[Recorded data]
----
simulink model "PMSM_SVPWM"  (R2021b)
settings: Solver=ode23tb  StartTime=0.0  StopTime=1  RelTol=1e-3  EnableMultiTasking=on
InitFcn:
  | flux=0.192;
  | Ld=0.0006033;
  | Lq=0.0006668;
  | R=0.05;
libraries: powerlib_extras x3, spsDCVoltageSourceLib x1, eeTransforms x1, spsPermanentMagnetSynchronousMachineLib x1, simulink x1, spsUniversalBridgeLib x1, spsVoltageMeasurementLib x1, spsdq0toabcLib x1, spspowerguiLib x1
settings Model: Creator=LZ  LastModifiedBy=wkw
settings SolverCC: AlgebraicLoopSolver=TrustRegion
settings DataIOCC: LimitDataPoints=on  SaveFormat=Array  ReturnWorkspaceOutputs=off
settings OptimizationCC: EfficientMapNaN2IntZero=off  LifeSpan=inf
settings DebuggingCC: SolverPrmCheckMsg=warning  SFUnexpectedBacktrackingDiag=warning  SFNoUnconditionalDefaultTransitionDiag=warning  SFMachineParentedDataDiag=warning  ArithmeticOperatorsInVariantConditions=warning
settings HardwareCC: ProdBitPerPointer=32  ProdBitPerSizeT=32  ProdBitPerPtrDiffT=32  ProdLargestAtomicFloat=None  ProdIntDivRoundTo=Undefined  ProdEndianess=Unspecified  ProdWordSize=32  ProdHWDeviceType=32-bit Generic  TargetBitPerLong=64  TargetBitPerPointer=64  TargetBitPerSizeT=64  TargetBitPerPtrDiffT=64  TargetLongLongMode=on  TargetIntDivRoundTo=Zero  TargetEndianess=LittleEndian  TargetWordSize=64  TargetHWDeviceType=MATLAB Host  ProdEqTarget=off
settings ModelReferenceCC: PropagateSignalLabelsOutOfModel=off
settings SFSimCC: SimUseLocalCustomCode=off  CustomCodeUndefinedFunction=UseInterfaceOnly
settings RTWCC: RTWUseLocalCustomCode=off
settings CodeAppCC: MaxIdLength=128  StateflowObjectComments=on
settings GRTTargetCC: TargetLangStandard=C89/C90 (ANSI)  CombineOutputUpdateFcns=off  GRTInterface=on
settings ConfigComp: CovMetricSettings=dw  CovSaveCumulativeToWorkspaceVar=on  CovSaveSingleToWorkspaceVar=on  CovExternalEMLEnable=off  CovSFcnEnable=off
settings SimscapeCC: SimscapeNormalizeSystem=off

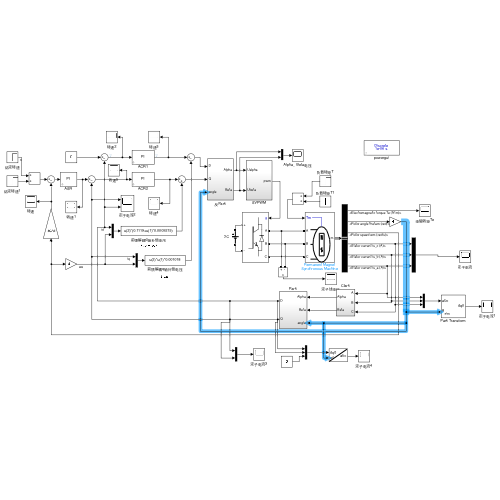
[thumbnail: Simulink's stored preview of the top-level diagram]
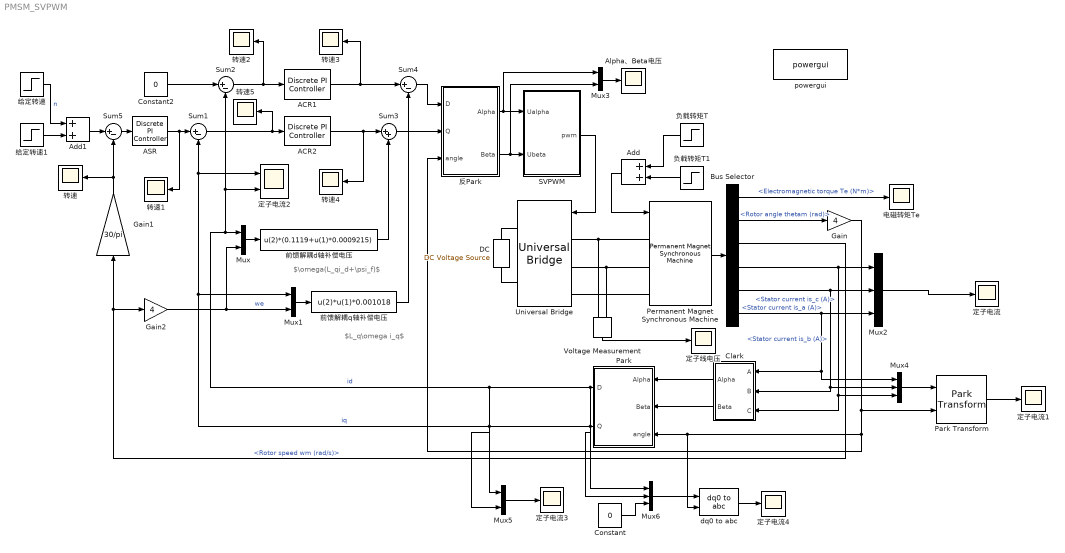
== system PMSM_SVPWM ==
  note: $\omega(L_qi_d+\psi_f)$
  note: $L_q\omega i_q$
  ACR1 : powerlib_extras/Discrete  Control Blocks/Discrete PI Controller  Kp=4  Ki=80  Par_Limits=[560*0.9*sqrt(1/3) -560*0.9*sqrt(1/3)]  Init=0  Ts=1e-6
  ACR2 : powerlib_extras/Discrete  Control Blocks/Discrete PI Controller  Kp=4  Ki=80  Par_Limits=[560*0.9*sqrt(1/3) -560*0.9*sqrt(1/3)]  Init=0  Ts=1e-6
  ASR : powerlib_extras/Discrete  Control Blocks/Discrete PI Controller  Kp=5  Ki=200  Par_Limits=[65 -65]  Init=0  Ts=1e-6
  Add : Sum
  Add1 : Sum
  Alpha、Beta电压 : Scope
  Bus Selector : BusSelector  OutputSignals=Electromagnetic torque Te (N*m),Rotor angle thetam (rad),Rotor speed wm (rad/s),Stator current is_c (A),Stator current is_b (A),Stator current is_a (A)
  Clark : Subsystem
  Constant : Constant  Value=0
  Constant2 : Constant  Value=0
  DC : spsDCVoltageSourceLib/DC Voltage Source  Amplitude=560  Measurements=None
  Gain : Gain  Gain=4
  Gain1 : Gain  Gain=30/pi
  Gain2 : Gain  Gain=4
  Mux{,1,3,5} (4 alike) : Mux  Inputs=2
  Mux2 : Mux  Inputs=3
  Mux4 : Mux  Inputs=3
  Mux6 : Mux  Inputs=3
  Park : Subsystem
  Park Transform : eeTransforms/Park Transform  AxisAlignment=D-axis  PowerInvariant=off
  Permanent Magnet Synchronous Machine : spsPermanentMagnetSynchronousMachineLib/Permanent Magnet Synchronous Machine  NbPhases=3  FluxDistribution=Sinusoidal  RotorType=Salient-pole  MechanicalLoad=Torque Tm  PresetModel=No  ShowDetailedParameters=on  MeasurementBus=off  Resistance=0.11  Inductance=8.5e-3  dqInductances=[0.0009215 0.001018]  La=0.000835  MachineConstant=Flux linkage established by magnets (V.s)  Flux=0.1119  VoltageCst=81.1857  TorqueCst=0.6714  Flat=120  Mechanical=[0.016 0.0002024 4 0]  PolePairs=4  InitialConditions=[0,0, 0,0]  InitialConditions5ph=[0 0 0 0 0 0]  RefAngle=Aligned with phase A axis (original Park)  IterativeDiscreteModel=Trapezoidal non iterative  TsBlock=-1  TsPowergui=0
  SVPWM : Subsystem
  Sum{1..2,4..5} (4 alike) : Sum  Inputs=|+-
  Sum3 : Sum  Inputs=|++
  Universal Bridge : spsUniversalBridgeLib/Universal Bridge  Arms=3  SnubberResistance=1e5  SnubberCapacitance=inf  Device=IGBT / Diodes  Ron=1e-3  Lon=0  ForwardVoltages="[  0  0  ]"  ForwardVoltage=0  GTOparameters=[ 10e-6 , 20e-6 ]  IGBTparameters=[ 1e-6 , 2e-6 ]  Measurements=None  Measurements_2=None  converterType=Rectifier
  Voltage Measurement : spsVoltageMeasurementLib/Voltage Measurement  PhasorSimulation=off  OutputType=Complex  PSBequivalent=0
  dq0 to abc : spsdq0toabcLib/dq0 to abc  Alignment=Aligned with phase A axis
  powergui : spspowerguiLib/powergui  Priority=1  SimulationMode=Discrete  SampleTime=1e-6  frequency=60  Iterations=50  frequencyindice=0  Pbase=100e6  ErrMax=1e-4  UnitsV=kV  UnitsW=MW  buscounter=0  FunctionMessages=off  echomessages=off  EnableUseOfTLC=off  CurrentSourceSwitches=off  DisableSnubberDevices=off  DisableRonSwitches=off  DisableVfSwitches=off  DisplayEquations=off  AutomaticDiscreteSolvers=off  SolverType=Tustin  Interpol=off  ExternalGateDelay=off  methode=off  Ts=0  x0status=blocks  SPID=off  SwTol=0  HookPort=off  NonlinearTolerance=1e-4  nMaxIteration=100  ContinueOnMaxIteration=off  RestoreLinks=warning  ResistiveCurrentMeasurement=off  Frange=[0:2:500]  Ylog=off  Xlog=on  ShowGrid=off  save=off  variable=ZData  structure=ScopeData7  ZoomFFT=on  StartTime=2.5  cycles=3  DisplayStyle=1  fundamental=60  FreqAxis=off  MaxFrequency=2000  frequencyindicesteady=1  RmsSteady=1  display=off
  前馈解耦d轴补偿电压 : Fcn  Expr=u(2)*(0.1119+u(1)*0.0009215)
  前馈解耦q轴补偿电压 : Fcn  Expr=u(2)*u(1)*0.001018
  反Park : Subsystem
  定子电流{,1,3..4} (4 alike) : Scope
  定子电流2 : Scope  NumInputPorts=2
  定子线电压 : Scope
  电磁转矩Te : Scope
  给定转速 : Step  Time=0  Before=1000  After=1000  SampleTime=0
  给定转速1 : Step  Time=0.7  After=200  SampleTime=0
  负载转矩T : Step  Time=0.5  After=20  SampleTime=0
  负载转矩T1 : Step  Time=0.03  After=0  SampleTime=0
  转速{,1..5} (6 alike) : Scope
  wires:
  Voltage Measurement/1 -> 定子线电压/1
  Permanent Magnet Synchronous Machine/1 -> Bus Selector/1
  Bus Selector/6 -> Mux2/3, Mux4/1, Clark/1(A)  "<Stator current is_a (A)>"
  Bus Selector/5 -> Mux2/2, Clark/2(B), Mux4/2  "<Stator current is_b (A)>"
  Bus Selector/4 -> Mux2/1, Clark/3(C), Mux4/3  "<Stator current is_c (A)>"
  SVPWM/1(pwm) -> Universal Bridge/1
  Clark/1(Alpha) -> Park/1(Alpha)
  Bus Selector/2 -> Gain/1  "<Rotor angle thetam (rad)>"
  Bus Selector/1 -> 电磁转矩Te/1  "<Electromagnetic torque Te (N*m)>"
  Bus Selector/3 -> Gain2/1, Gain1/1  "<Rotor speed wm (rad/s)>"
  Sum5/1 -> ASR/1
  Sum1/1 -> 转速5/1, ACR2/1
  Sum2/1 -> 转速2/1, ACR1/1
  Constant2/1 -> Sum2/1
  ACR1/1 -> 转速3/1, Sum4/1
  Park/1(D) -> Mux6/1, Mux5/1, 定子电流2/2, Sum2/2, Mux/1  "id"
  Park/2(Q) -> Mux6/2, Mux5/2, Mux1/1, 定子电流2/1, Sum1/2  "iq"
  Gain2/1 -> Mux1/2, Mux/2  "we"
  Mux/1 -> 前馈解耦d轴补偿电压/1
  Mux1/1 -> 前馈解耦q轴补偿电压/1
  Mux2/1 -> 定子电流/1
  Sum3/1 -> 反Park/2(Q)
  Sum4/1 -> 反Park/1(D)
  ACR2/1 -> 转速4/1, Sum3/1
  Clark/2(Beta) -> Park/2(Beta)
  给定转速/1 -> Add1/1  "n"
  反Park/1(Alpha) -> Mux3/1, SVPWM/1(Ualpha)
  反Park/2(Beta) -> Mux3/2, SVPWM/2(Ubeta)
  Mux3/1 -> Alpha、Beta电压/1
  负载转矩T/1 -> Add/1
  负载转矩T1/1 -> Add/2
  Add/1 -> Permanent Magnet Synchronous Machine/1
  Gain/1 -> Park Transform/2, 反Park/3(angle), dq0 to abc/2, Park/3(angle)
  ASR/1 -> 转速1/1, Sum1/1
  Gain1/1 -> 转速/1, Sum5/2
  前馈解耦d轴补偿电压/1 -> Sum3/2
  前馈解耦q轴补偿电压/1 -> Sum4/2
  给定转速1/1 -> Add1/2
  Add1/1 -> Sum5/1
  Mux4/1 -> Park Transform/1
  Park Transform/1 -> 定子电流1/1
  Mux5/1 -> 定子电流3/1
  Constant/1 -> Mux6/3
  Mux6/1 -> dq0 to abc/1
  dq0 to abc/1 -> 定子电流4/1
  connections:
  DC/RConn1 -- Universal Bridge/RConn1
  DC/LConn1 -- Universal Bridge/RConn2
  Voltage Measurement/LConn1 -- Permanent Magnet Synchronous Machine/LConn1 -- Universal Bridge/LConn1
  Voltage Measurement/LConn2 -- Permanent Magnet Synchronous Machine/LConn2 -- Universal Bridge/LConn2
  Permanent Magnet Synchronous Machine/LConn3 -- Universal Bridge/LConn3

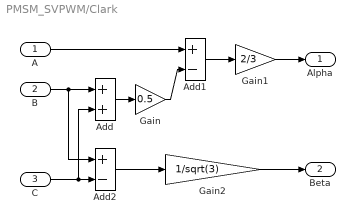
== system PMSM_SVPWM/Clark ==
  A : Inport
  B : Inport  Port=2
  C : Inport  Port=3
  Add : Sum
  Add1 : Sum  Inputs=+-
  Add2 : Sum  Inputs=+-
  Gain : Gain  Gain=0.5
  Gain1 : Gain  Gain=2/3
  Gain2 : Gain  Gain=1/sqrt(3)
  Alpha : Outport
  Beta : Outport  Port=2
  wires:
  B/1 -> Add2/1, Add/1
  C/1 -> Add/2, Add2/2
  Add/1 -> Gain/1
  A/1 -> Add1/1
  Gain/1 -> Add1/2
  Add1/1 -> Gain1/1
  Gain1/1 -> Alpha/1
  Add2/1 -> Gain2/1
  Gain2/1 -> Beta/1

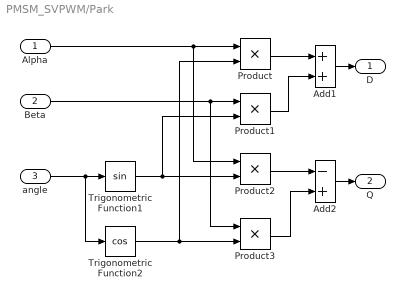
== system PMSM_SVPWM/Park ==
  Alpha : Inport
  Beta : Inport  Port=2
  angle : Inport  Port=3
  Add1 : Sum
  Add2 : Sum  Inputs=-+
  Product{,1..3} (4 alike) : Product
  Trigonometric Function1 : Trigonometry
  Trigonometric Function2 : Trigonometry  Operator=cos
  D : Outport
  Q : Outport  Port=2
  wires:
  Add2/1 -> Q/1
  Product3/1 -> Add2/2
  Product2/1 -> Add2/1
  Add1/1 -> D/1
  Product1/1 -> Add1/2
  Product/1 -> Add1/1
  Trigonometric Function1/1 -> Product2/2, Product1/2
  Beta/1 -> Product3/1, Product1/1
  Trigonometric Function2/1 -> Product3/2, Product/2
  Alpha/1 -> Product2/1, Product/1
  angle/1 -> Trigonometric Function1/1, Trigonometric Function2/1

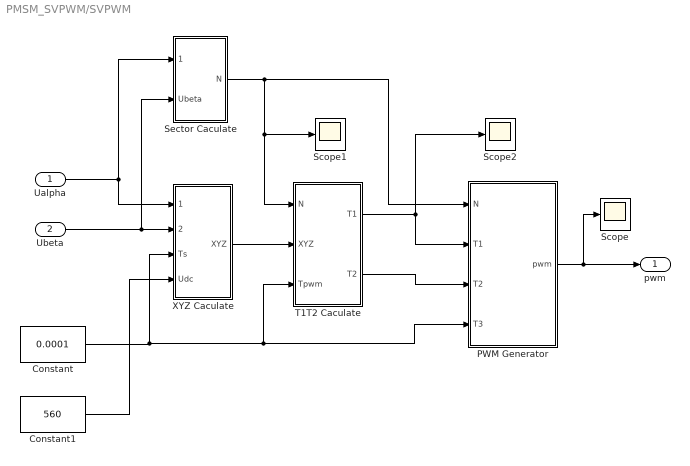
== system PMSM_SVPWM/SVPWM ==
  Ualpha : Inport
  Ubeta : Inport  Port=2
  Constant : Constant  Value=0.0001
  Constant1 : Constant  Value=560
  PWM Generator : Subsystem
  Scope : Scope
  Scope1 : Scope
  Scope2 : Scope
  Sector Caculate : Subsystem
  T1T2 Caculate : Subsystem
  XYZ Caculate : Subsystem
  pwm : Outport
  wires:
  Ualpha/1 -> XYZ Caculate/1(Ualpha), Sector Caculate/1(Ualpha)
  Ubeta/1 -> Sector Caculate/2("Ubeta "), XYZ Caculate/2(Ubeta)
  Constant/1 -> PWM Generator/4(T3), T1T2 Caculate/3(Tpwm), XYZ Caculate/3(Ts)
  Constant1/1 -> XYZ Caculate/4(Udc)
  XYZ Caculate/1(XYZ) -> T1T2 Caculate/2(XYZ)
  Sector Caculate/1(N) -> Scope1/1, T1T2 Caculate/1(N), PWM Generator/1(N)
  T1T2 Caculate/1("T1 ") -> PWM Generator/2(T1), Scope2/1
  T1T2 Caculate/2(T2) -> PWM Generator/3(T2)
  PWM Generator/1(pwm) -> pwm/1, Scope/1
----
- TASK DETAILS: Give back exactly the lines above, from the line containing "Park/1(D) -> Mux6/1, Mux5/1, 定子电流2/2, Sum2/2, Mux/1" through the line containing "Voltage Measurement/LConn2 -- Permanent", with both end lines and nothing more.

- WRITTEN SOLUTION:
  Park/1(D) -> Mux6/1, Mux5/1, 定子电流2/2, Sum2/2, Mux/1  "id"
  Park/2(Q) -> Mux6/2, Mux5/2, Mux1/1, 定子电流2/1, Sum1/2  "iq"
  Gain2/1 -> Mux1/2, Mux/2  "we"
  Mux/1 -> 前馈解耦d轴补偿电压/1
  Mux1/1 -> 前馈解耦q轴补偿电压/1
  Mux2/1 -> 定子电流/1
  Sum3/1 -> 反Park/2(Q)
  Sum4/1 -> 反Park/1(D)
  ACR2/1 -> 转速4/1, Sum3/1
  Clark/2(Beta) -> Park/2(Beta)
  给定转速/1 -> Add1/1  "n"
  反Park/1(Alpha) -> Mux3/1, SVPWM/1(Ualpha)
  反Park/2(Beta) -> Mux3/2, SVPWM/2(Ubeta)
  Mux3/1 -> Alpha、Beta电压/1
  负载转矩T/1 -> Add/1
  负载转矩T1/1 -> Add/2
  Add/1 -> Permanent Magnet Synchronous Machine/1
  Gain/1 -> Park Transform/2, 反Park/3(angle), dq0 to abc/2, Park/3(angle)
  ASR/1 -> 转速1/1, Sum1/1
  Gain1/1 -> 转速/1, Sum5/2
  前馈解耦d轴补偿电压/1 -> Sum3/2
  前馈解耦q轴补偿电压/1 -> Sum4/2
  给定转速1/1 -> Add1/2
  Add1/1 -> Sum5/1
  Mux4/1 -> Park Transform/1
  Park Transform/1 -> 定子电流1/1
  Mux5/1 -> 定子电流3/1
  Constant/1 -> Mux6/3
  Mux6/1 -> dq0 to abc/1
  dq0 to abc/1 -> 定子电流4/1
  connections:
  DC/RConn1 -- Universal Bridge/RConn1
  DC/LConn1 -- Universal Bridge/RConn2
  Voltage Measurement/LConn1 -- Permanent Magnet Synchronous Machine/LConn1 -- Universal Bridge/LConn1
  Voltage Measurement/LConn2 -- Permanent Magnet Synchronous Machine/LConn2 -- Universal Bridge/LConn2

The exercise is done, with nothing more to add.